Few high-level challenges for us:
We are fundamentally multi-tenant system and massive incoming stream of data. Our customer send enormous amount of logs to us every day.
As I mentioned we are have to be realtime for indexing, searches and alerts. When our customer face issue in production if logs or searching of log is behind then it doesn’t match the production and it is not very useful to them.
First Attempt:
Our first attempt was public cloud. We deployed the application on Public Cloud. It was the best course of action for few reason
Fastest way to get to production
Less upfront cost and TCO was better.
It help us understand infrastructure
Our Findings:
Our resources grow consistently. Our work load is such that it always go up and our growth is predictable. So planning can be done easily. It is not very elastic in nature, seasonality is not a big factor like ecommerce sites where during the Thanks giving, New Year the needs go pretty high
Our work load is Big data work load so the it requires very high compute, IO and NIO resources.
Consistent performance and the reliability of the stack is key. This is uttermost importance if customer is having issue with production they need us the most for debugging their application.
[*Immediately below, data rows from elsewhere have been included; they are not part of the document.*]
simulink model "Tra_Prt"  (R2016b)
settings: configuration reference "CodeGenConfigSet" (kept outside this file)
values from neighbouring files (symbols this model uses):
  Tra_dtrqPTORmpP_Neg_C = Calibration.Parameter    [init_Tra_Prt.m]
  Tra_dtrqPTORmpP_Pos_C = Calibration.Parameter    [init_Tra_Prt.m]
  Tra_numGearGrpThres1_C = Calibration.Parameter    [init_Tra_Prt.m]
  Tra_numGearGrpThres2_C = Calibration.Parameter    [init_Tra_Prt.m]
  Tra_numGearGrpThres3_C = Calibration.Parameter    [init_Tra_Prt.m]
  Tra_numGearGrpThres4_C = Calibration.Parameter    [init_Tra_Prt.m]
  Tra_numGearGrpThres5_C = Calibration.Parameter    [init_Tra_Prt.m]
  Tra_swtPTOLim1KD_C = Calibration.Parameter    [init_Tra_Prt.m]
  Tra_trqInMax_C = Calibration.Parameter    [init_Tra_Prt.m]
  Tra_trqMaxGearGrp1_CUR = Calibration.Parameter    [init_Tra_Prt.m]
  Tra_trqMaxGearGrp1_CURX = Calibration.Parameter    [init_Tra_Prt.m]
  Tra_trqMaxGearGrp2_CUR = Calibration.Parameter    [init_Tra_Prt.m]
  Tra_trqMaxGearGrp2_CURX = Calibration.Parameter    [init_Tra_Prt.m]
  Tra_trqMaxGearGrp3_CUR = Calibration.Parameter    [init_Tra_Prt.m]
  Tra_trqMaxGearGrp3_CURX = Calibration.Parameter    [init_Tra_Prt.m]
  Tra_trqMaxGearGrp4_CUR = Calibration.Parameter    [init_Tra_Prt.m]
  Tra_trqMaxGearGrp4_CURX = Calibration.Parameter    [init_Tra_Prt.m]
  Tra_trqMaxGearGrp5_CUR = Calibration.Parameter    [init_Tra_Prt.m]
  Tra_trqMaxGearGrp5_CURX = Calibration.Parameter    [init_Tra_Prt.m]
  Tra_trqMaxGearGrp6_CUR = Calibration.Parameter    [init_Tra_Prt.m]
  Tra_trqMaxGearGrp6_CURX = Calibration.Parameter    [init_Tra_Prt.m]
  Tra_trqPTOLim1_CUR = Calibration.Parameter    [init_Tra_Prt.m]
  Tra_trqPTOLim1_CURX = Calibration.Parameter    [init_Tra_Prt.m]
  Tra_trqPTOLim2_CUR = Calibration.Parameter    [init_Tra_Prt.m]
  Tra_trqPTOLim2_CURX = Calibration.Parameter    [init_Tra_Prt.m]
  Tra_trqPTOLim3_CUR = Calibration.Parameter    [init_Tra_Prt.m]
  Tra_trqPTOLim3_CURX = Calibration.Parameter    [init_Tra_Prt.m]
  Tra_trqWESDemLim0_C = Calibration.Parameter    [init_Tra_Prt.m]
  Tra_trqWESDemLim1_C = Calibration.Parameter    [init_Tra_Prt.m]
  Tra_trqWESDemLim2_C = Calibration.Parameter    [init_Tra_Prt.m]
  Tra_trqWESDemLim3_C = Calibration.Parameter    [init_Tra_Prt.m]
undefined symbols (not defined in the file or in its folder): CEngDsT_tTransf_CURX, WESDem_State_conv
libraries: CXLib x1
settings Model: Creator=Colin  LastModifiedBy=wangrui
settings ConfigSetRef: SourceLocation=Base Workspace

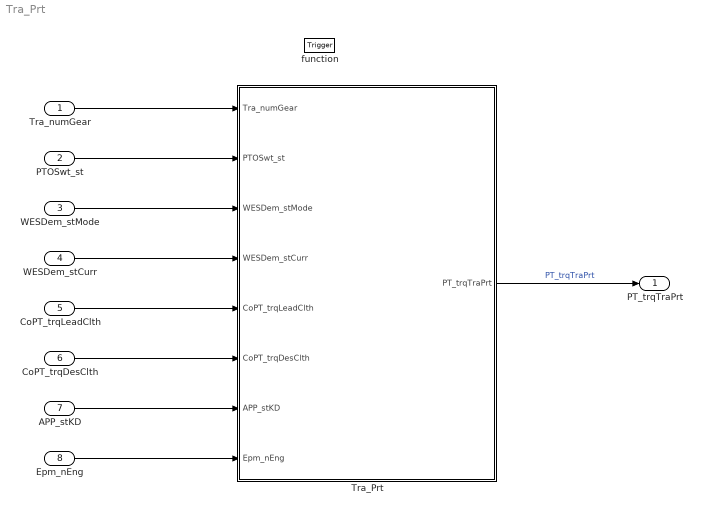
== system Tra_Prt ==
  Tra_numGear : Inport  Description=Current gear information  OutMin=-128  OutMax=127  OutDataTypeStr=Tra_num
  PTOSwt_st : Inport  Description=Power Take-off switch current state for a specific input voltage  Port=2  OutMin=0  OutMax=255  OutDataTypeStr=State_uint8
  WESDem_stMode : Inport  Description=Operating mode of the working engine speed demand  Port=3  OutMin=0  OutMax=255  OutDataTypeStr=State_uint8
  WESDem_stCurr : Inport  Description=Status of the working engine Speed Control  Port=4  OutDataTypeStr=Enum: WESDem_State_conv
  CoPT_trqLeadClth : Inport  Tag=Nm  Description=Lead torque demand at gearbox  Port=5  OutMin=-3000  OutMax=3000  OutDataTypeStr=Trq_Nm
  CoPT_trqDesClth : Inport  Tag=Nm  Description=Desired Clutch Torque  Port=6  OutMin=-3000  OutMax=3000  OutDataTypeStr=Trq_Nm
  APP_stKD : Inport  Description=State of accelerator pedal kick down  Port=7  OutMin=0  OutMax=1  OutDataTypeStr=boolean
  Epm_nEng : Inport  Tag=rpm  Description=Engine speed  Port=8  OutMin=0  OutMax=6000  OutDataTypeStr=EngSpeed_rpm
  function : TriggerPort  TriggerType=function-call  VariantControl=Variant
  Tra_Prt : Subsystem  RTWFcnName=Tra_Prt_Co  RTWFileName=Tra_Prt
      settings: RTWSystemCode=Nonreusable function  RTWFcnNameOpts=User specified  RTWFileNameOpts=User specified
  PT_trqTraPrt : Outport  Tag=Nm  Description=Maximum allowed inner torque  OutMin=-3000  OutMax=3000  OutDataTypeStr=Trq_Nm
  wires:
  Tra_Prt/1(PT_trqTraPrt) -> PT_trqTraPrt/1  "PT_trqTraPrt"
  Tra_numGear/1 -> Tra_Prt/1(Tra_numGear)
  PTOSwt_st/1 -> Tra_Prt/2(PTOSwt_st)
  WESDem_stMode/1 -> Tra_Prt/3(WESDem_stMode)
  WESDem_stCurr/1 -> Tra_Prt/4(WESDem_stCurr)
  CoPT_trqLeadClth/1 -> Tra_Prt/5(CoPT_trqLeadClth)
  APP_stKD/1 -> Tra_Prt/7(APP_stKD)
  CoPT_trqDesClth/1 -> Tra_Prt/6(CoPT_trqDesClth)
  Epm_nEng/1 -> Tra_Prt/8(Epm_nEng)

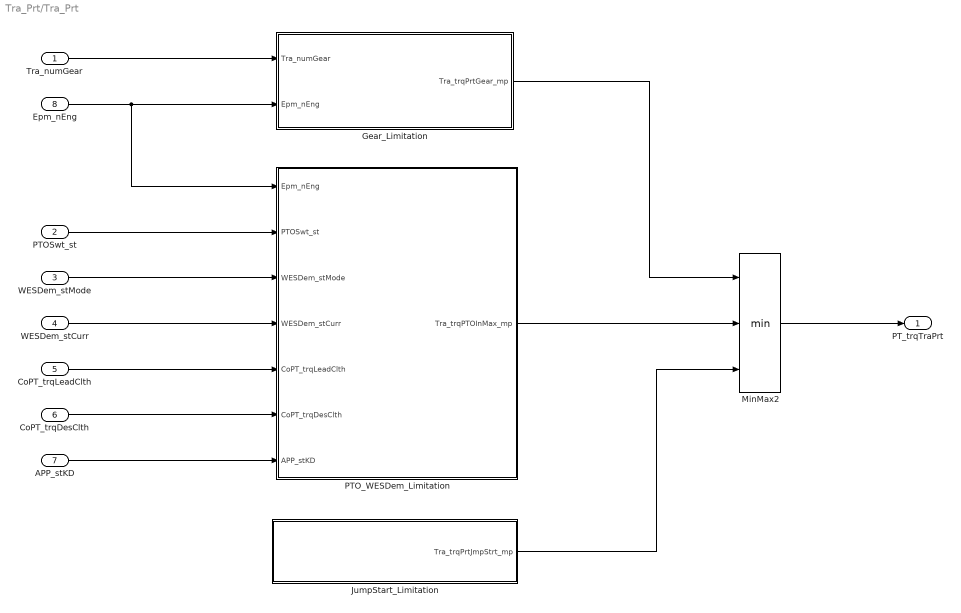
== system Tra_Prt/Tra_Prt ==
  Tra_numGear : Inport
  PTOSwt_st : Inport  Port=2
  WESDem_stMode : Inport  Port=3
  WESDem_stCurr : Inport  Port=4
  CoPT_trqLeadClth : Inport  Port=5
  CoPT_trqDesClth : Inport  Port=6
  APP_stKD : Inport  Port=7
  Epm_nEng : Inport  Port=8
  Gear_Limitation : Subsystem
  JumpStart_Limitation : Subsystem
  MinMax2 : MinMax  Inputs=3  InputSameDT=on
  PTO_WESDem_Limitation : Subsystem
  PT_trqTraPrt : Outport
  wires:
  Tra_numGear/1 -> Gear_Limitation/1(Tra_numGear)
  Gear_Limitation/1(Tra_trqPrtGear_mp) -> MinMax2/1
  MinMax2/1 -> PT_trqTraPrt/1
  APP_stKD/1 -> PTO_WESDem_Limitation/7(APP_stKD)
  CoPT_trqDesClth/1 -> PTO_WESDem_Limitation/6(CoPT_trqDesClth)
  PTO_WESDem_Limitation/1(Tra_trqPTOInMax_mp) -> MinMax2/2
  PTOSwt_st/1 -> PTO_WESDem_Limitation/2(PTOSwt_st)
  WESDem_stCurr/1 -> PTO_WESDem_Limitation/4(WESDem_stCurr)
  WESDem_stMode/1 -> PTO_WESDem_Limitation/3(WESDem_stMode)
  CoPT_trqLeadClth/1 -> PTO_WESDem_Limitation/5(CoPT_trqLeadClth)
  JumpStart_Limitation/1(Tra_trqPrtJmpStrt_mp) -> MinMax2/3
  Epm_nEng/1 -> PTO_WESDem_Limitation/1(Epm_nEng), Gear_Limitation/2(Epm_nEng)

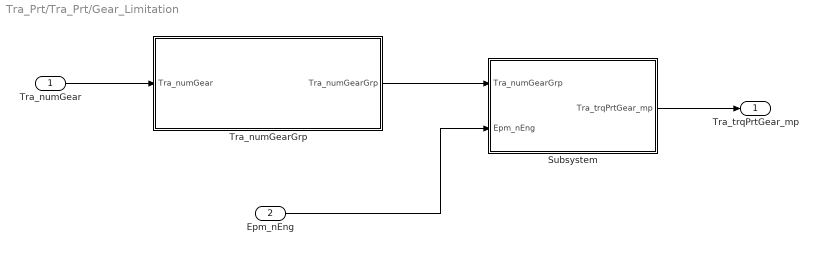
== system Tra_Prt/Tra_Prt/Gear_Limitation ==
  Tra_numGear : Inport
  Epm_nEng : Inport  Port=2
  Subsystem : Subsystem
  Tra_numGearGrp : Subsystem
  Tra_trqPrtGear_mp : Outport
  wires:
  Tra_numGear/1 -> Tra_numGearGrp/1(Tra_numGear)
  Tra_numGearGrp/1(Tra_numGearGrp) -> Subsystem/1(Tra_numGearGrp)
  Epm_nEng/1 -> Subsystem/2(Epm_nEng)
  Subsystem/1(Tra_trqPrtGear_mp) -> Tra_trqPrtGear_mp/1

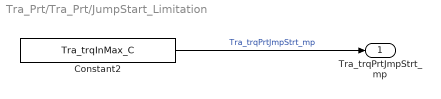
== system Tra_Prt/Tra_Prt/JumpStart_Limitation ==
  Constant2 : Constant  RequirementInfo={} %GIDa_d51cce05_4451_4a37_be15_ce81718d51d3  Value=Tra_trqInMax_C
  Tra_trqPrtJmpStrt_mp : Outport
  wires:
  Constant2/1 -> Tra_trqPrtJmpStrt_mp/1  "Tra_trqPrtJmpStrt_mp"

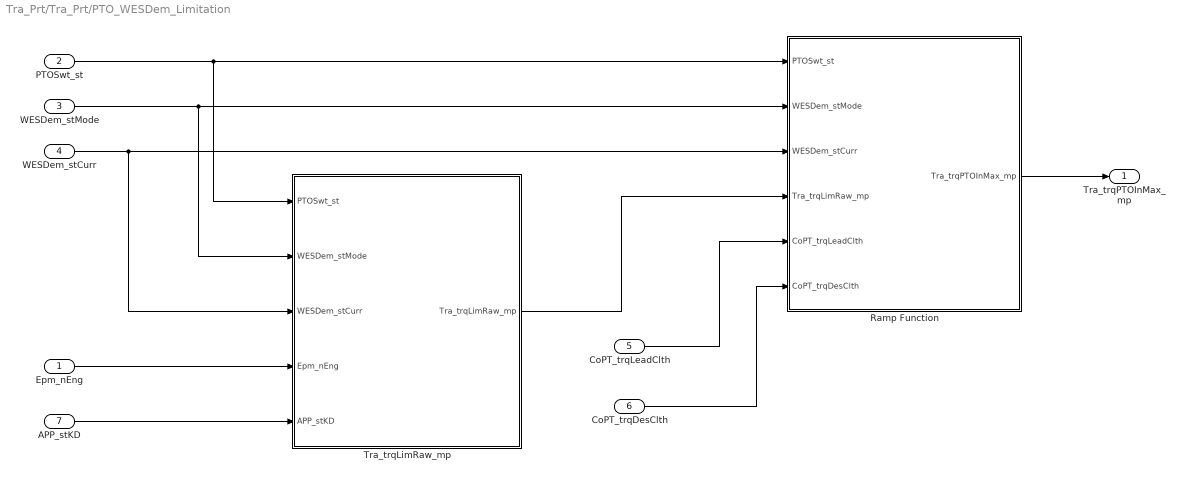
== system Tra_Prt/Tra_Prt/PTO_WESDem_Limitation ==
  Epm_nEng : Inport
  PTOSwt_st : Inport  Port=2
  WESDem_stMode : Inport  Port=3
  WESDem_stCurr : Inport  Port=4
  CoPT_trqLeadClth : Inport  Port=5
  CoPT_trqDesClth : Inport  Port=6
  APP_stKD : Inport  Port=7
  Ramp Function : Subsystem
  Tra_trqLimRaw_mp : Subsystem
  Tra_trqPTOInMax_mp : Outport
  wires:
  PTOSwt_st/1 -> Tra_trqLimRaw_mp/1(PTOSwt_st), Ramp Function/1(PTOSwt_st)
  WESDem_stMode/1 -> Tra_trqLimRaw_mp/2(WESDem_stMode), Ramp Function/2(WESDem_stMode)
  WESDem_stCurr/1 -> Tra_trqLimRaw_mp/3(WESDem_stCurr), Ramp Function/3(WESDem_stCurr)
  Ramp Function/1(Tra_trqPTOInMax_mp) -> Tra_trqPTOInMax_mp/1
  CoPT_trqLeadClth/1 -> Ramp Function/5(CoPT_trqLeadClth)
  CoPT_trqDesClth/1 -> Ramp Function/6(CoPT_trqDesClth)
  Epm_nEng/1 -> Tra_trqLimRaw_mp/4(Epm_nEng)
  APP_stKD/1 -> Tra_trqLimRaw_mp/5(APP_stKD)
  Tra_trqLimRaw_mp/1(Tra_trqLimRaw_mp) -> Ramp Function/4(Tra_trqLimRaw_mp)

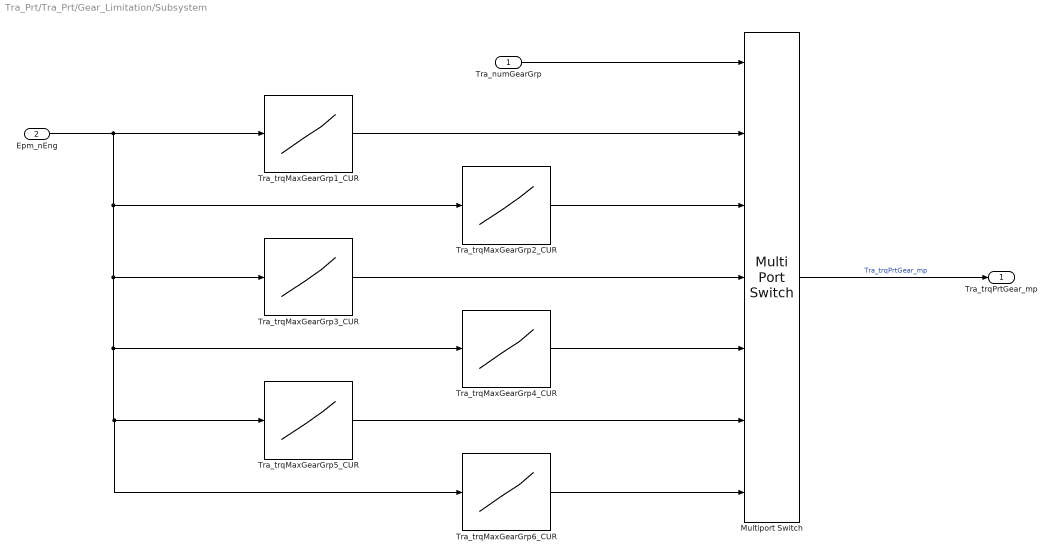
== system Tra_Prt/Tra_Prt/Gear_Limitation/Subsystem ==
  Tra_numGearGrp : Inport
  Epm_nEng : Inport  Port=2
  Multiport Switch : MultiPortSwitch  Inputs=6  InputSameDT=on
  Tra_trqMaxGearGrp1_CUR : Lookup_n-D  RequirementInfo={} %GIDa_9bf8303a_3058_4db5_a525_07331b8eeae7  DialogController=Simulink.DDGSource  NumberOfTableDimensions=1  BreakpointsForDimension1=Tra_trqMaxGearGrp1_CURX  BreakpointsForDimension2=CEngDsT_tTransf_CURX  IndexSearchMethod=Linear search  BeginIndexSearchUsingPreviousIndexResult=on  Table=Tra_trqMaxGearGrp1_CUR  ExtrapMethod=Clip  UseLastTableValue=on  InternalRulePriority=Speed  OutDataTypeStr=Inherit: Inherit via back propagation  SaturateOnIntegerOverflow=on
  Tra_trqMaxGearGrp2_CUR : Lookup_n-D  RequirementInfo={} %GIDa_3f32d6d9_4cb8_4f48_9c57_2c19b3164e61  DialogController=Simulink.DDGSource  NumberOfTableDimensions=1  BreakpointsForDimension1=Tra_trqMaxGearGrp2_CURX  BreakpointsForDimension2=CEngDsT_tTransf_CURX  IndexSearchMethod=Linear search  BeginIndexSearchUsingPreviousIndexResult=on  Table=Tra_trqMaxGearGrp2_CUR  ExtrapMethod=Clip  UseLastTableValue=on  InternalRulePriority=Speed  OutDataTypeStr=Inherit: Inherit via back propagation  SaturateOnIntegerOverflow=on
  Tra_trqMaxGearGrp3_CUR : Lookup_n-D  RequirementInfo={} %GIDa_1f71405c_5e82_4c6f_b5e1_f98a14c9db68  DialogController=Simulink.DDGSource  NumberOfTableDimensions=1  BreakpointsForDimension1=Tra_trqMaxGearGrp3_CURX  BreakpointsForDimension2=CEngDsT_tTransf_CURX  IndexSearchMethod=Linear search  BeginIndexSearchUsingPreviousIndexResult=on  Table=Tra_trqMaxGearGrp3_CUR  ExtrapMethod=Clip  UseLastTableValue=on  InternalRulePriority=Speed  OutDataTypeStr=Inherit: Inherit via back propagation  SaturateOnIntegerOverflow=on
  Tra_trqMaxGearGrp4_CUR : Lookup_n-D  RequirementInfo={} %GIDa_d67459b0_9d68_4b26_8ae3_ca0e9adf24a9  DialogController=Simulink.DDGSource  NumberOfTableDimensions=1  BreakpointsForDimension1=Tra_trqMaxGearGrp4_CURX  BreakpointsForDimension2=CEngDsT_tTransf_CURX  IndexSearchMethod=Linear search  BeginIndexSearchUsingPreviousIndexResult=on  Table=Tra_trqMaxGearGrp4_CUR  ExtrapMethod=Clip  UseLastTableValue=on  InternalRulePriority=Speed  OutDataTypeStr=Inherit: Inherit via back propagation  SaturateOnIntegerOverflow=on
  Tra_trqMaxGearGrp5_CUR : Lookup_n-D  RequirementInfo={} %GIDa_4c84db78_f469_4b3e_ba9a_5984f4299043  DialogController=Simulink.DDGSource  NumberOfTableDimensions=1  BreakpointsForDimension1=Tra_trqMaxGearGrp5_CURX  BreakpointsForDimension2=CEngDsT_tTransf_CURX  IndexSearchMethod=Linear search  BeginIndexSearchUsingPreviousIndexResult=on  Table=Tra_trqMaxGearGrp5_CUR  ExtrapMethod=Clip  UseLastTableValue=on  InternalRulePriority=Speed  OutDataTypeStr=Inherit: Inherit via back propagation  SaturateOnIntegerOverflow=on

Since we need the very high compute and IO. Public Cloud was not very cost efficient for our work load.
Since we have
Big data workload with real-time needs
Needed reliable and consistent performance
Need to use every bit of compute, IO and NIO
The best course of action for use is to have the Hybrid cloud.
There is no answer how to decide which resource to run on Public Cloud vs. Private Cloud.
The way we decided is move all the resources which face internet go to public cloud.
The resources which are elastic and can burst or have potentially to burst suddenly.
Private cloud
All the services which does f big data crunching and do all heavy lifting
All the services which process sensitive data.
Last and final thing Going Hybrid made us save $$$ since the TCO reduced significantly.
Some companies delineate the workload between public and private cloud by the type of deployment like dev and staging in public cloud and production in private cloud.
Some companies also do based on SLA. The high SLA services go on private cloud and less SLA based services go on private cloud.